Drafted as a follow-up to v0.2 packaging work. Do not start until the v0.2 release ships and the install smoke test in .github/workflows/functional-tests.yml (job package-smoke) has been observed to be stable for a couple of weeks.

Goal¶

Run instar's full functional test suite against the .deb / .rpm packages on a representative matrix of Linux distributions in the GitHub merge queue. Each matrix entry installs the package, points the test harness at /usr/bin/instar, and runs every tests/test_*.py against the qemu-img version that ships with that distribution.

The point is two-fold:

Catch packaging regressions. Asset-path errors, runtime dependency mistakes, mode-bit drift, resolver fallback bugs that don't surface in the in-tree build layout. The PR-level smoke test catches the obvious cases on debian:trixie; the merge-queue matrix catches them across distros.
Catch qemu-img output-profile regressions. instar adapts its qemu-img-compatible output to the locally detected qemu-img version (see tests/test_oslo_crossval.py and the version detection code in src/vmm/). Today that adaptation is only exercised against whatever qemu-img happens to be installed on the build runner. Running across distros means we exercise it against several real qemu-img versions that users actually run, and we catch the case where instar's profile selection logic has drifted away from the reality of a specific distro.
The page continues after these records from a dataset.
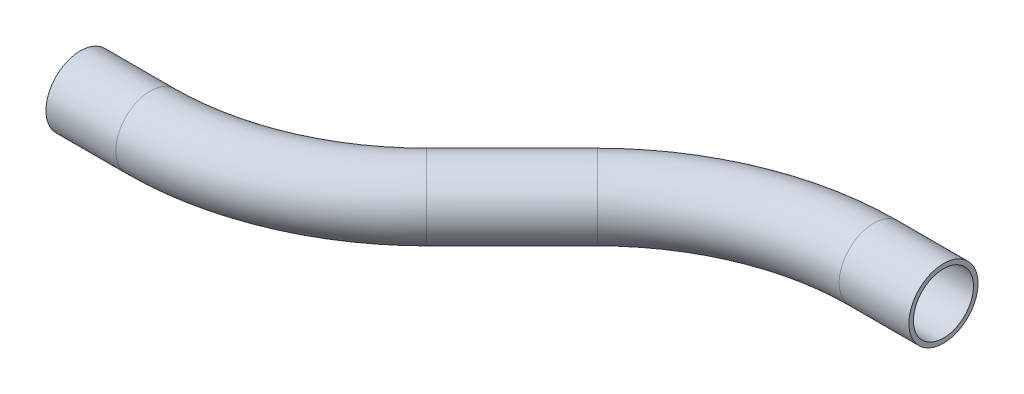
SolidWorks part; units mm, degrees
ref_plane "Front Plane" through (0, 0, 0) normal (0, 0, 1) x (1, 0, 0)
ref_plane "Top Plane" through (0, 0, 0) normal (0, 1, 0) x (1, 0, 0)
ref_plane "Right Plane" through (0, 0, 0) normal (1, 0, 0) x (0, 0, -1)
sketch "Sketch1" plane through (0, 0, 0) normal (0, 1, 0) x (1, 0, 0)
  line L0 (0, 0) -> (19.2369, 0)
  line L1 (73.1185, 22.3185) -> (96.6377, 45.8377)
  line L2 (150.5192, 68.1561) -> (169.7561, 68.1561)
  arc A0 (96.6377, 45.8377) -> (150.5192, 68.1561) centre (150.5192, -8.0439) cw
  arc A1 (19.2369, 0) -> (73.1185, 22.3185) centre (19.2369, 76.2) ccw
  point P7 (118.9561, 68.1561)
  point P10 (50.8, 0)
  dimension "D5" = 76.2
  dimension "D1" = 50.8
  dimension "D2" = 50.8
  dimension "D3" = 135
  dimension "D4" = 68.1561
ref_plane "Plane1" through (0, 0, 0) normal (1, 0, 0) x (0, 0, -1)
sketch "Sketch2" plane through (0, 0, 0) normal (1, 0, 0) x (0, 0, -1)
  circle A0 centre (0, 0) radius 9.525
  circle A1 centre (0, 0) radius 8.2804
  dimension "D1" = 19.05
  dimension "D2" = 1.2446
sweep "Sweep1" add profiles "Sketch2" path "Sketch1"

Existing infrastructure to reuse¶

The pieces of this are mostly already in place:

Test harness already takes INSTAR_BINARY_PATH (tests/base.py:261) and INSTAR_TESTDATA_PATH (tests/base.py:64). Pointing the existing test suite at a distro-installed binary requires no harness changes.
instar-testdata already provides the test corpus and qemu-img baseline output. Cloning is parametrized via GITLAB_TESTDATA_TOKEN and is already done in every job in functional-tests.yml.
Smoke script tools/test-package-install.sh accepts both .deb and .rpm and any distro image. It can be the per-matrix-entry inner test runner with minor extensions (running the full suite instead of the smoke checks).
Pattern for matrix testing inside merge_group is well established in shakenfist sibling repos:
- shakenfist/shakenfist/.github/workflows/functional-tests.yml splits functional_matrix_pr (PR-level smoke) from functional_matrix_merge (merge-queue cluster tests). Lift the same shape.
- shakenfist/kerbside-patches/.github/workflows/functional-tests.yml has a Rocky 9/10 + Fedora cross-distro matrix that's conceptually almost identical to what instar needs.
KVM-capable self-hosted runners are already set up ([self-hosted, debian-12, xl] is used by every functional test job today, with /dev/kvm passthrough into containers).

Open design decisions¶

These need to be resolved before implementation. Each is more of a policy call than a technical hurdle.

1. glibc baseline¶

The current build container is based on debian:trixie (glibc 2.41), so the produced binaries refuse to run anywhere older than glibc 2.39. That excludes Rocky/RHEL 9 (2.34), Debian 12 (2.36), Ubuntu 22.04 LTS (2.35), and Fedora 38 and older.

Three options:

Pin the build base to debian:bookworm (glibc 2.36). Single artifact set covers Debian 12+, Ubuntu 22.04+, Fedora 38+, Rocky 10. Still excludes Rocky 9. Lowest-friction way to widen support without per-distro builds.
Pin to rockylinux:9 (glibc 2.34). Widest coverage including Rocky 9 / RHEL 9. Risk: nightly Rust + Docker buildkit toolchain availability on Rocky 9 is less polished than Debian's; some apt-side build deps (libqcow-utils, libvhdi-utils) may not have direct Rocky equivalents.
Build per-distro artifacts. Most flexible (each artifact is glibc-perfect for its target distro), most expensive (matrix grows by N, artifact count grows by N).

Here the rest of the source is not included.